“- Taxile : Le peuple aime les rois qui savent l’épargner.
– Porus : il estime encor plus ceux qui savent régner.”
(Racine, Alexandre le Grand)

Arsenal de Toulon, détail de l’allégorie du Printemps ornant la poupe de la galère royale La Reale sous le règne de Louis XIV (ornant les navires de 1688 et 1694) – Musée de la Marine, cliché Muse Baroque, 2024.
Ne soyons pas trop politique. L’ironie voltairienne nous tenterait trop, le détachement du sage nous guette, les valses du Palais nous fatigue autant que leur spectacle nous ennuie. Était-ce mieux avant ? Après tout, l’excellent Surintendant Ecureuil s’est retrouvé à remettre courtoisement son épée à Monsieur d’Artagnan à Nantes pour une fête trop réussie. En dépit de sa pluviométrie et de ses soubresauts, l’année 2024 a été musicalement faste, au disque comme au concert. La vitalité des parutions, l’éclectisme des programmations, les compositeurs connus et les inconnus se coudoyant, servis par des interprètes aux générations mêlées, ont démontré avec éclat que la musique baroque est une musique vivante, et bien vivante, moins olympienne et à la forme olympique. Elle est même devenue tellement institutionnalisée, tellement “à la mode”, que la subversion rebelle de la révolution baroqueuse des années 60 semble bien loin, même si l’excitation des exhumations demeure. Face à un engouement durable du public, un soutien des salles et éditeurs, on observe une pratique à la fois de plus en plus historiquement informée grâce aux recherches musicologiques et instrumentales, mais également étrangement une réalisation de plus en plus convenue, y compris dans ses actuelles ruptures de tons, lassantes dans leur nervosité et leur surenchère de couleur et de vitesse. Et au pays du jeune Jupiter élyséen, combien de jeunes et talentueux Rastignac, adeptes de plusieurs instruments, disposent déjà de leurs ensembles, les dirigeant depuis le clavecin, le violon – voire en chantant – dans une boulimie de forte, d’ornements, puis de ralentis étirés jusqu’à la moelle ? Combien de mises en abîme entre création contemporaine et viole de gambe ou musique vénitienne du Seicento ? Combien de hip hop et autres sneakers pour persévérer dans des mises en scène post-brechtiennes aussi laides que superficielles drapées dans leur ironie banale ?
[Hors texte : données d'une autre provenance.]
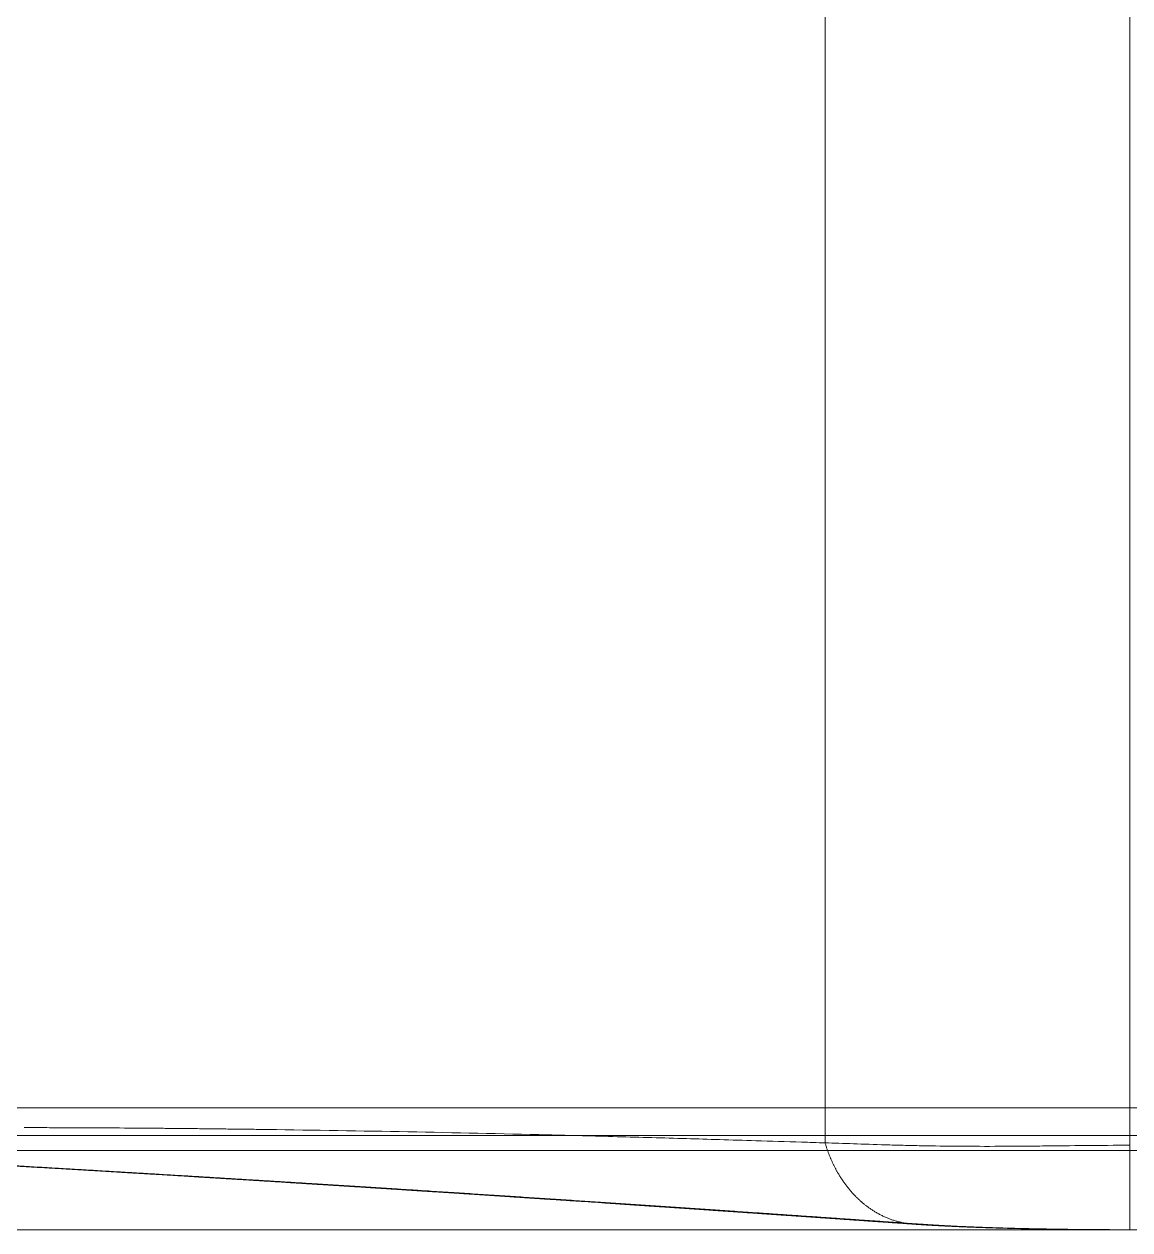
# Model space of a CAD drawing. Header units: millimetres. Extents: x 494 to 18201, y 224 to 11417.
# Drawn here: x 950.84 to 967.88, y 1207.13 to 1225.72 of the extents above; entities that cross this region are included whole.
import ezdxf
from ezdxf.lldxf.tags import DXFTag

# ---------------------------------------------------------------- set-up
doc = ezdxf.new("R2010")
doc.units = ezdxf.units.MM
doc.layers.add('DIM', color=7, linetype='Continuous')
doc.layers.add('PUNCH', color=7, linetype='Continuous')
tags = doc.linetypes.add('DASHED', pattern='A,12.86,[0,arial.ttf,S=0,R=0,X=0,Y=0],-12.86', length=25.72).pattern_tags.tags
tags[12:13] = [DXFTag(74, 4), DXFTag(75, 0), DXFTag(340, '0'), DXFTag(46, 0.0), DXFTag(50, 0.0), DXFTag(44, 0.0), DXFTag(45, 0.0)]

msp = doc.modelspace()

# ---------------------------------------------------------------- linework, layer by layer
at = {"layer": 'DIM', "color": 252, "lineweight": 18}
msp.add_lwpolyline([(941.41876, 1207.13233), (941.41876, 1296.48586), (1037.41876, 1296.48586), (1037.41876, 1207.13233)], close=True, dxfattribs=at)
at = {"layer": 'PUNCH', "color": 155, "lineweight": 18}
msp.add_lwpolyline([(963.18371, 1296.48039), (963.18371, 1208.47391)], dxfattribs=at)
at = {"layer": 'PUNCH', "color": 223, "lineweight": 18}
msp.add_lwpolyline([(948.62503, 1209.01176), (980.29614, 1209.01176)], dxfattribs=at)
at = {"layer": 'PUNCH', "color": 155, "linetype": 'DASHED', "lineweight": 13, "ltscale": 0.452067}
msp.add_open_spline([(967.88004, 1208.43681), (967.88004, 1296.48039)], degree=1, dxfattribs=at)
at = {"layer": 'PUNCH', "color": 155, "linetype": 'Continuous', "lineweight": 18}
for points, knots in [([(948.94459, 1208.58769), (948.94913, 1208.58769), (948.95368, 1208.58769), (948.95823, 1208.58769), (949.09294, 1208.58766), (949.22914, 1208.5877), (949.35236, 1208.58768), (951.40195, 1208.58768), (953.62691, 1208.58768), (955.66762, 1208.58768), (960.63771, 1208.58768), (965.69461, 1208.58768), (968.40147, 1208.58768), (972.59821, 1208.58768), (976.57492, 1208.58768), (977.8173, 1208.58768), (979.06455, 1208.58768), (980.20369, 1208.58768), (980.23479, 1208.58768), (980.26561, 1208.58768), (980.29614, 1208.58768)], [0, 0, 0, 0, 0, 0, 0.00080157, 0.00080157, 0.00080157, 0.02374154, 0.02374154, 0.02374154, 0.3546538, 0.3546538, 0.3546538, 0.78660285, 0.78660285, 0.78660285, 0.99413347, 0.99413347, 0.99413347, 1, 1, 1, 1, 1, 1]), ([(948.94459, 1208.35446), (948.94913, 1208.35446), (948.95368, 1208.35446), (948.95823, 1208.35446), (949.09294, 1208.35446), (949.22914, 1208.35446), (949.35236, 1208.35446), (951.40195, 1208.35446), (953.62691, 1208.35446), (955.66762, 1208.35446), (960.63771, 1208.35446), (965.69461, 1208.35446), (968.40147, 1208.35446), (972.59821, 1208.35446), (976.57492, 1208.35446), (977.8173, 1208.35446), (979.06455, 1208.35446), (980.20369, 1208.35446), (980.23479, 1208.35446), (980.26561, 1208.35446), (980.29614, 1208.35446)], [0, 0, 0, 0, 0, 0, 0.00080157, 0.00080157, 0.00080157, 0.02374154, 0.02374154, 0.02374154, 0.3546538, 0.3546538, 0.3546538, 0.78660285, 0.78660285, 0.78660285, 0.99413347, 0.99413347, 0.99413347, 1, 1, 1, 1, 1, 1]), ([(964.6855, 1207.21854), (963.7656, 1207.28252), (962.83743, 1207.34705), (961.88961, 1207.41233), (959.31736, 1207.58722), (956.63125, 1207.76228), (954.90199, 1207.87114), (952.86572, 1207.99524), (950.75443, 1208.11762), (950.48714, 1208.13302), (950.15828, 1208.15181), (949.82817, 1208.17057), (949.76014, 1208.17444), (949.69208, 1208.1783), (949.62402, 1208.18217)], [0, 0, 0, 0, 0, 0, 0.33449069, 0.33449069, 0.33449069, 0.90052806, 0.90052806, 0.90052806, 0.97951224, 0.97951224, 0.97951224, 1, 1, 1, 1, 1, 1])]:
    msp.add_open_spline(points, degree=5, knots=knots, dxfattribs=at)
at = {"layer": 'PUNCH', "color": 223, "linetype": 'DASHED', "lineweight": 13, "ltscale": 0.452067}
for points, knots in [([(954.59339, 1208.67969), (954.51573, 1208.68073), (954.36042, 1208.6828), (954.12722, 1208.68573), (953.89386, 1208.68852), (953.66031, 1208.69114), (953.42658, 1208.69361), (953.19266, 1208.69591), (952.95855, 1208.69804), (952.69076, 1208.70026), (952.29988, 1208.70317), (951.82945, 1208.70593), (951.36561, 1208.70771), (951.05136, 1208.70846), (950.89468, 1208.70865), (950.84287, 1208.70871)], [0, 0, 0, 0, 0.0625001, 0.12500035, 0.18750073, 0.25000121, 0.31250176, 0.37500235, 0.43750297, 0.50000358, 0.58931135, 0.75000296, 0.87548764, 0.9588199, 1, 1, 1, 1]), ([(963.18371, 1208.47391), (963.06254, 1208.47771), (962.70646, 1208.48887), (962.16405, 1208.50573), (961.57319, 1208.52369), (961.03909, 1208.53947), (960.51325, 1208.55453), (959.97868, 1208.56929), (959.44379, 1208.58347), (959.08679, 1208.59232), (958.90829, 1208.59675)], [0, 0, 0, 0, 0.0850659, 0.25000036, 0.38091602, 0.50000071, 0.62500074, 0.7500006, 0.87500033, 1, 1, 1, 1]), ([(967.88004, 1208.43681), (967.6507, 1208.43681), (967.42377, 1208.43504), (966.9744, 1208.43052), (966.75196, 1208.42778), (966.42158, 1208.42436), (966.312, 1208.42333), (966.14846, 1208.42207), (966.09408, 1208.4217), (965.98561, 1208.42108), (965.93162, 1208.42082), (965.66394, 1208.41988), (965.45604, 1208.42019), (965.05229, 1208.42322), (964.85644, 1208.42595), (964.57185, 1208.43161), (964.47852, 1208.43375), (964.34089, 1208.43728), (964.29535, 1208.4385), (964.20556, 1208.44103), (964.16127, 1208.44233), (963.94275, 1208.44897), (963.77741, 1208.45472), (963.4659, 1208.46546), (963.31972, 1208.47043), (963.18371, 1208.47391)], [0, 0, 0, 0, 0.125, 0.125, 0.25, 0.25, 0.3125, 0.3125, 0.34375, 0.34375, 0.375, 0.375, 0.5, 0.5, 0.625, 0.625, 0.6875, 0.6875, 0.71875, 0.71875, 0.75, 0.75, 0.875, 0.875, 1, 1, 1, 1])]:
    msp.add_open_spline(points, degree=3, knots=knots, dxfattribs=at)
msp.add_open_spline([(958.90829, 1208.59684), (957.47746, 1208.6321), (956.04064, 1208.66021), (954.59339, 1208.67978)], degree=3, dxfattribs=at)
at = {"layer": 'PUNCH', "color": 155, "linetype": 'DASHED', "lineweight": 13, "ltscale": 0.452067}
for points, degree, knots in [([(964.54672, 1207.22062), (964.31932, 1207.23644), (964.09545, 1207.30314), (963.8848, 1207.42009), (963.58586, 1207.67758), (963.36083, 1208.02749), (963.28894, 1208.16819), (963.22968, 1208.31777), (963.18371, 1208.47391)], 5, [0, 0, 0, 0, 0, 0, 0.62926734, 0.62926734, 0.62926734, 1, 1, 1, 1, 1, 1]), ([(967.88004, 1207.13316), (967.88004, 1207.13465), (967.88004, 1207.13812), (967.88004, 1207.15478), (967.88004, 1207.17432), (967.88004, 1207.22959), (967.88004, 1207.26533), (967.88004, 1207.3521), (967.88004, 1207.40314), (967.88004, 1207.51924), (967.88004, 1207.5843), (967.88004, 1207.72682), (967.88004, 1207.80427), (967.88004, 1207.96963), (967.88004, 1208.05753), (967.88004, 1208.24159), (967.88004, 1208.33774), (967.88004, 1208.43681)], 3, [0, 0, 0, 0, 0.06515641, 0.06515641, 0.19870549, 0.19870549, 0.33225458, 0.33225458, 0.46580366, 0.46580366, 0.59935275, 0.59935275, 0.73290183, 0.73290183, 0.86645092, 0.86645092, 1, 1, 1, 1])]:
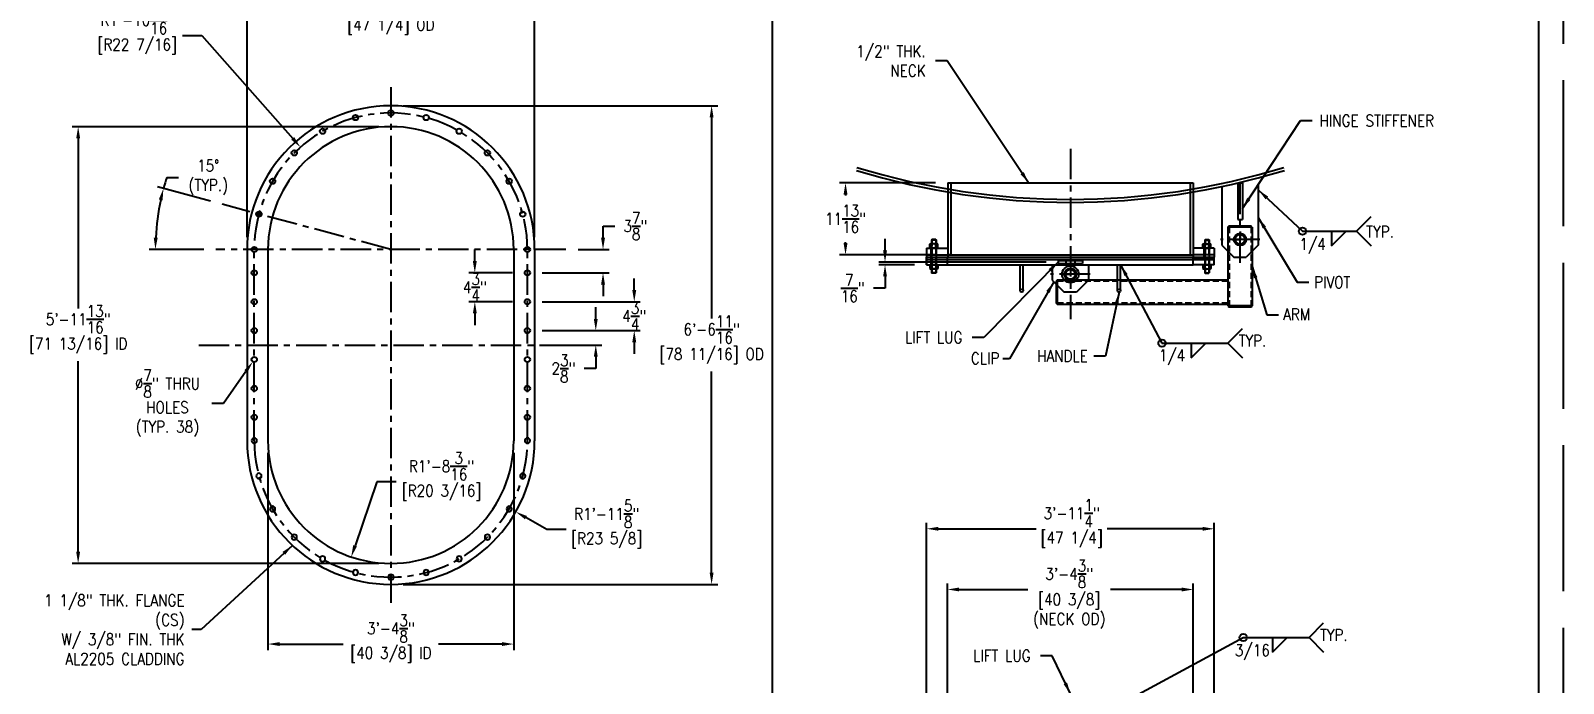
# Model space of a CAD drawing. Extents: x -219 to 647, y 12 to 426.
# Drawn here: x 120.2 to 372, y 176.8 to 284.2 of the extents above; entities that cross this region are included whole.
import ezdxf

# ---------------------------------------------------------------- set-up
doc = ezdxf.new("R2010")
doc.units = 0
doc.header["$LTSCALE"] = 4
doc.header["$MEASUREMENT"] = 0
doc.header["$PDMODE"] = 33
doc.header["$PDSIZE"] = -0.5
for name, pattern in [('AM_ISO02W050', [7.5, 6, -1.5]), ('CENTER', [2, 1.25, -0.25, 0.25, -0.25]), ('HIDDEN', [0.375, 0.25, -0.125])]:
    doc.linetypes.add(name, pattern=pattern)
doc.layers.get('0').update_dxf_attribs({"linetype": 'CONTINUOUS'})
doc.layers.get('Defpoints').update_dxf_attribs({"linetype": 'CONTINUOUS'})
for name, color, linetype in [('11-2 PIPE', 7, 'CONTINUOUS'), ('3-4-10NC-HHBOLT', 32, 'CONTINUOUS'), ('3-4-10NC-HHNUT', 32, 'CONTINUOUS'), ('ARM', 3, 'CONTINUOUS'), ('CENTER', 6, 'CENTER'), ('COVER', 3, 'CONTINUOUS'), ('DIM', 1, 'CONTINUOUS'), ('EXTERNALS', 3, 'CONTINUOUS'), ('FLG', 2, 'CONTINUOUS'), ('HANDLE', 2, 'CONTINUOUS'), ('muoto', 4, 'CONTINUOUS'), ('NECK', 242, 'CONTINUOUS'), ('PIVOT', 30, 'CONTINUOUS'), ('SHELL', 40, 'CONTINUOUS'), ('WASHER', 7, 'CONTINUOUS')]:
    doc.layers.add(name, color=color, linetype=linetype)
doc.styles.add('ROMANS', font='ROMANS.shx', dxfattribs={"width": 0.85, "height": 1.92})
doc.styles.get("Standard").update_dxf_attribs({"font": 'sanss___.ttf'})
doc.dimstyles.get("Standard").update_dxf_attribs({"dimtxt": 0.18, "dimasz": 0.18, "dimexe": 0.18, "dimexo": 0.0625, "dimgap": 0.09, "dimtad": 0, "dimtih": 1, "dimtoh": 1, "dimdec": 4, "dimzin": 0, "dimdsep": 46, "dimtxsty": 'Standard', "dimcen": 0.09, "dimadec": 0, "dimazin": 0, "dimtfac": 1, "dimtdec": 4, "dimtofl": 0, "dimtmove": 0, "dimatfit": 3, "dimfxl": 1, "dimtolj": 1, "dimtzin": 0, "dimarcsym": 0})

# ---------------------------------------------------------------- blocks, each defined once
blk = doc.blocks.new('*D160')
at = {"layer": 'Defpoints', "color": 0, "transparency": 16777216}
for p in [(314.64, 202.26), (267.39, 146.5), (314.64, 146.5)]:
    blk.add_point(p, dxfattribs=at)
at = {"layer": 'DIM', "color": 0, "lineweight": -2, "transparency": 16777216}
for p, q in [((267.39, 148.5), (267.39, 203.26)), ((269.31, 202.26), (285.38, 202.26)), ((312.72, 202.26), (297.06, 202.26)), ((314.64, 148.5), (314.64, 203.26))]:
    blk.add_line(p, q, dxfattribs=at)
at = {"layer": 'DIM', "color": 0, "transparency": 16777216}
for points in [[(269.31, 202.58), (269.31, 201.94), (267.39, 202.26)], [(312.72, 202.58), (312.72, 201.94), (314.64, 202.26)]]:
    blk.add_solid(points, dxfattribs=at)
at = {"layer": 'DIM', "color": 0, "transparency": 16777216, "char_height": 1.92, "attachment_point": 5, "style": 'ROMANS'}
for s, insert in [('\\A1;3\'-11{\\H1x;\\S1/4;}"', (291.22, 204.82)), ('\\A1;[47 1/4]', (291.22, 200.48))]:
    blk.add_mtext(s, dxfattribs=dict(at, insert=insert))
blk = doc.blocks.new('*D166')
at = {"layer": 'Defpoints', "color": 0, "transparency": 16777216}
for p in [(311.2, 192.28), (270.82, 146.5), (311.2, 146.5)]:
    blk.add_point(p, dxfattribs=at)
at = {"layer": 'DIM', "color": 0, "lineweight": -2, "transparency": 16777216}
for p, q in [((270.82, 148.5), (270.82, 193.28)), ((272.74, 192.28), (284.01, 192.28)), ((309.28, 192.28), (297.63, 192.28)), ((311.2, 148.5), (311.2, 193.28))]:
    blk.add_line(p, q, dxfattribs=at)
at = {"layer": 'DIM', "color": 0, "transparency": 16777216}
for points in [[(272.74, 192.6), (272.74, 191.96), (270.82, 192.28)], [(309.28, 192.6), (309.28, 191.96), (311.2, 192.28)]]:
    blk.add_solid(points, dxfattribs=at)
at = {"layer": 'DIM', "color": 0, "transparency": 16777216, "char_height": 1.92, "attachment_point": 5, "style": 'ROMANS'}
for s, insert in [('\\A1;3\'-4{\\H1x;\\S3/8;}"', (290.82, 194.84)), ('\\A1;[40 3/8]\\P(NECK OD)', (290.82, 188.72))]:
    blk.add_mtext(s, dxfattribs=dict(at, insert=insert))
blk = doc.blocks.new('A$Ccf04fb3b')
at = {"layer": 'COVER'}
for p, q in [((-22.88, 0), (-22.88, 1.25)), ((-22, 0), (-22, 1.25))]:
    blk.add_line(p, q, dxfattribs=at)
at = {"layer": 'FLG'}
for p, q in [((-23.62, 0), (-23.62, 1.25)), ((-23.62, 0.87), (-20.16, 0.87)), ((-23.62, 0), (-20.16, 0)), ((-20.16, 0), (-20.16, 1.25)), ((-20.16, 0), (20.16, 0)), ((20.16, 0), (20.16, 1.25)), ((23.62, 0.87), (20.16, 0.87)), ((23.62, 0), (20.16, 0)), ((23.62, 0), (23.62, 1.25))]:
    blk.add_line(p, q, dxfattribs=at)
at = {"layer": 'muoto'}
for p, q in [((-23.62, 1.25), (23.62, 1.25)), ((-23.62, 0.87), (23.62, 0.87))]:
    blk.add_line(p, q, dxfattribs=at)
blk = doc.blocks.new('*U179')
at = {"layer": 'COVER'}
blk.add_circle((0, 0), 0.438, dxfattribs=at)
blk = doc.blocks.new('*U180')
at = {"layer": 'COVER', "color": 0, "linetype": 'ByBlock', "lineweight": -2, "transparency": 16777216}
for p, rotation in [((-407.45, 370.67), 285.0000000000001), ((-401.64, 371.43), 270.0000000000001), ((-395.84, 370.67), 255.0000000000001), ((-412.86, 368.42), 300.0000000000001), ((-390.42, 368.42), 240.0000000000001), ((-417.51, 364.86), 314.9999999999999), ((-385.78, 364.86), 225.0000000000001), ((-421.07, 360.21), 329.9999999999999), ((-382.21, 360.21), 210.0000000000001), ((-423.32, 354.8), 344.9999999999999), ((-379.97, 354.8), 195.0000000000003), ((-379.21, 348.99), 180)]:
    blk.add_blockref('*U179', p, dxfattribs=dict(at, rotation=rotation))
blk.add_blockref('*U179', (-424.08, 348.99), dxfattribs=at)
blk = doc.blocks.new('*U177')
at = {"layer": 'COVER'}
blk.add_circle((0, 0), 0.438, dxfattribs=at)
blk = doc.blocks.new('*U178')
at = {"layer": 'COVER', "color": 0, "linetype": 'ByBlock', "lineweight": -2, "transparency": 16777216}
for p, rotation in [((-407.45, 370.67), 285.0000000000001), ((-401.64, 371.43), 270.0000000000001), ((-395.84, 370.67), 255.0000000000001), ((-412.86, 368.42), 300.0000000000001), ((-390.42, 368.42), 240.0000000000001), ((-417.51, 364.86), 314.9999999999999), ((-385.78, 364.86), 225.0000000000001), ((-421.07, 360.21), 329.9999999999999), ((-382.21, 360.21), 210.0000000000001), ((-423.32, 354.8), 344.9999999999999), ((-379.97, 354.8), 195.0000000000003), ((-379.21, 348.99), 180)]:
    blk.add_blockref('*U177', p, dxfattribs=dict(at, rotation=rotation))
blk.add_blockref('*U177', (-424.08, 348.99), dxfattribs=at)
blk = doc.blocks.new('*D183')
at = {"layer": 'Defpoints', "color": 0, "transparency": 16777216}
for p in [(179.38, 271.81), (232.07, 271.81), (179.38, 193.12)]:
    blk.add_point(p, dxfattribs=at)
at = {"layer": 'DIM', "color": 0, "lineweight": -2, "transparency": 16777216}
for p, q in [((181.38, 271.81), (233.07, 271.81)), ((232.07, 269.89), (232.07, 236.81)), ((232.07, 195.04), (232.07, 228.12)), ((181.38, 193.12), (233.07, 193.12))]:
    blk.add_line(p, q, dxfattribs=at)
at = {"layer": 'DIM', "color": 0, "transparency": 16777216}
for points in [[(231.75, 269.89), (232.39, 269.89), (232.07, 271.81)], [(231.75, 195.04), (232.39, 195.04), (232.07, 193.12)]]:
    blk.add_solid(points, dxfattribs=at)
at = {"layer": 'DIM', "color": 0, "transparency": 16777216, "char_height": 1.92, "attachment_point": 5, "style": 'ROMANS'}
for s, insert in [('\\A1;6\'-6{\\H1x;\\S11/16;}"', (232.07, 235.03)), ('\\A1;[78 11/16] OD', (232.07, 230.68))]:
    blk.add_mtext(s, dxfattribs=dict(at, insert=insert))
blk = doc.blocks.new('*D184')
at = {"layer": 'Defpoints', "color": 0, "transparency": 16777216}
for p in [(155.75, 286.59), (155.75, 248.19), (203, 248.19)]:
    blk.add_point(p, dxfattribs=at)
at = {"layer": 'DIM', "color": 0, "lineweight": -2, "transparency": 16777216}
for p, q in [((155.75, 250.19), (155.75, 287.59)), ((203, 250.19), (203, 287.59)), ((157.67, 286.59), (171.01, 286.59)), ((201.08, 286.59), (187.74, 286.59))]:
    blk.add_line(p, q, dxfattribs=at)
at = {"layer": 'DIM', "color": 0, "transparency": 16777216}
for points in [[(157.67, 286.91), (157.67, 286.27), (155.75, 286.59)], [(201.08, 286.91), (201.08, 286.27), (203, 286.59)]]:
    blk.add_solid(points, dxfattribs=at)
at = {"layer": 'DIM', "color": 0, "transparency": 16777216, "char_height": 1.92, "attachment_point": 5, "style": 'ROMANS'}
for s, insert in [('\\A1;3\'-11{\\H1x;\\S1/4;}"', (179.38, 289.15)), ('\\A1;[47 1/4] OD', (179.38, 284.8))]:
    blk.add_mtext(s, dxfattribs=dict(at, insert=insert))
blk = doc.blocks.new('*D185')
at = {"layer": 'Defpoints', "color": 0, "transparency": 16777216}
for p in [(179.38, 268.37), (128, 196.56), (179.38, 196.56)]:
    blk.add_point(p, dxfattribs=at)
at = {"layer": 'DIM', "color": 0, "lineweight": -2, "transparency": 16777216}
for p, q in [((177.38, 268.37), (127, 268.37)), ((128, 266.45), (128, 238.49)), ((128, 198.48), (128, 229.81)), ((177.38, 196.56), (127, 196.56))]:
    blk.add_line(p, q, dxfattribs=at)
at = {"layer": 'DIM', "color": 0, "transparency": 16777216}
for points in [[(127.68, 266.45), (128.32, 266.45), (128, 268.37)], [(127.68, 198.48), (128.32, 198.48), (128, 196.56)]]:
    blk.add_solid(points, dxfattribs=at)
at = {"layer": 'DIM', "color": 0, "transparency": 16777216, "char_height": 1.92, "attachment_point": 5, "style": 'ROMANS'}
for s, insert in [('\\A1;5\'-11{\\H1x;\\S13/16;}"', (128, 236.71)), ('\\A1;[71 13/16] ID', (128, 232.37))]:
    blk.add_mtext(s, dxfattribs=dict(at, insert=insert))
blk = doc.blocks.new('*D186')
at = {"layer": 'Defpoints', "color": 0, "transparency": 16777216}
for p in [(159.19, 216.75), (199.56, 216.75), (199.56, 183.31)]:
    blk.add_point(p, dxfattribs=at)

Que 2025 soit éclatante, colorée, inventive, spontanée, sensible et rêveuse ! Souhaitons que cette débauche baroque se poursuive, mais que ce torrent impétueux cède parfois aux charmes alanguis de la poésie, aux frémissements du doute, à l’émoi des demi-mots. Que 2025 soit flamboyante mais pudique, éclatante mais discrète, éloquente mais mesurée. Que la virtuosité soutienne la bravoure, illustre la fureur, mais qu’elle s’oublie dans l’abandon d’une Arcadie galante que le siècle actuel a assimilé à une mièvrerie incomprise. Que de nouveau les tendres bocages soient des havres et non plus des intermissions à meubler, que les Dieux regagnent leurs pénates, et redeviennent redoutables dans leur splendeur, eux qui se sont mués en comptables en costume gris ou en entraîneurs sportifs en shorty. Que 2025 célèbre un peu de la magie d’un monde enchanté, le temps de quelques notes, car la vie ordinaire attend toujours derrière la porte, en embuscade quotidienne. Et s’il faut avoir l’arrogance d’un conseil ou d’un souhait aux artistes à qui nous devons tout : n’oubliez pas qu’à trop vouloir casser et fracasser, jouer de la lyre et tout exposer aux regards, on risque la double mort d’Orphée.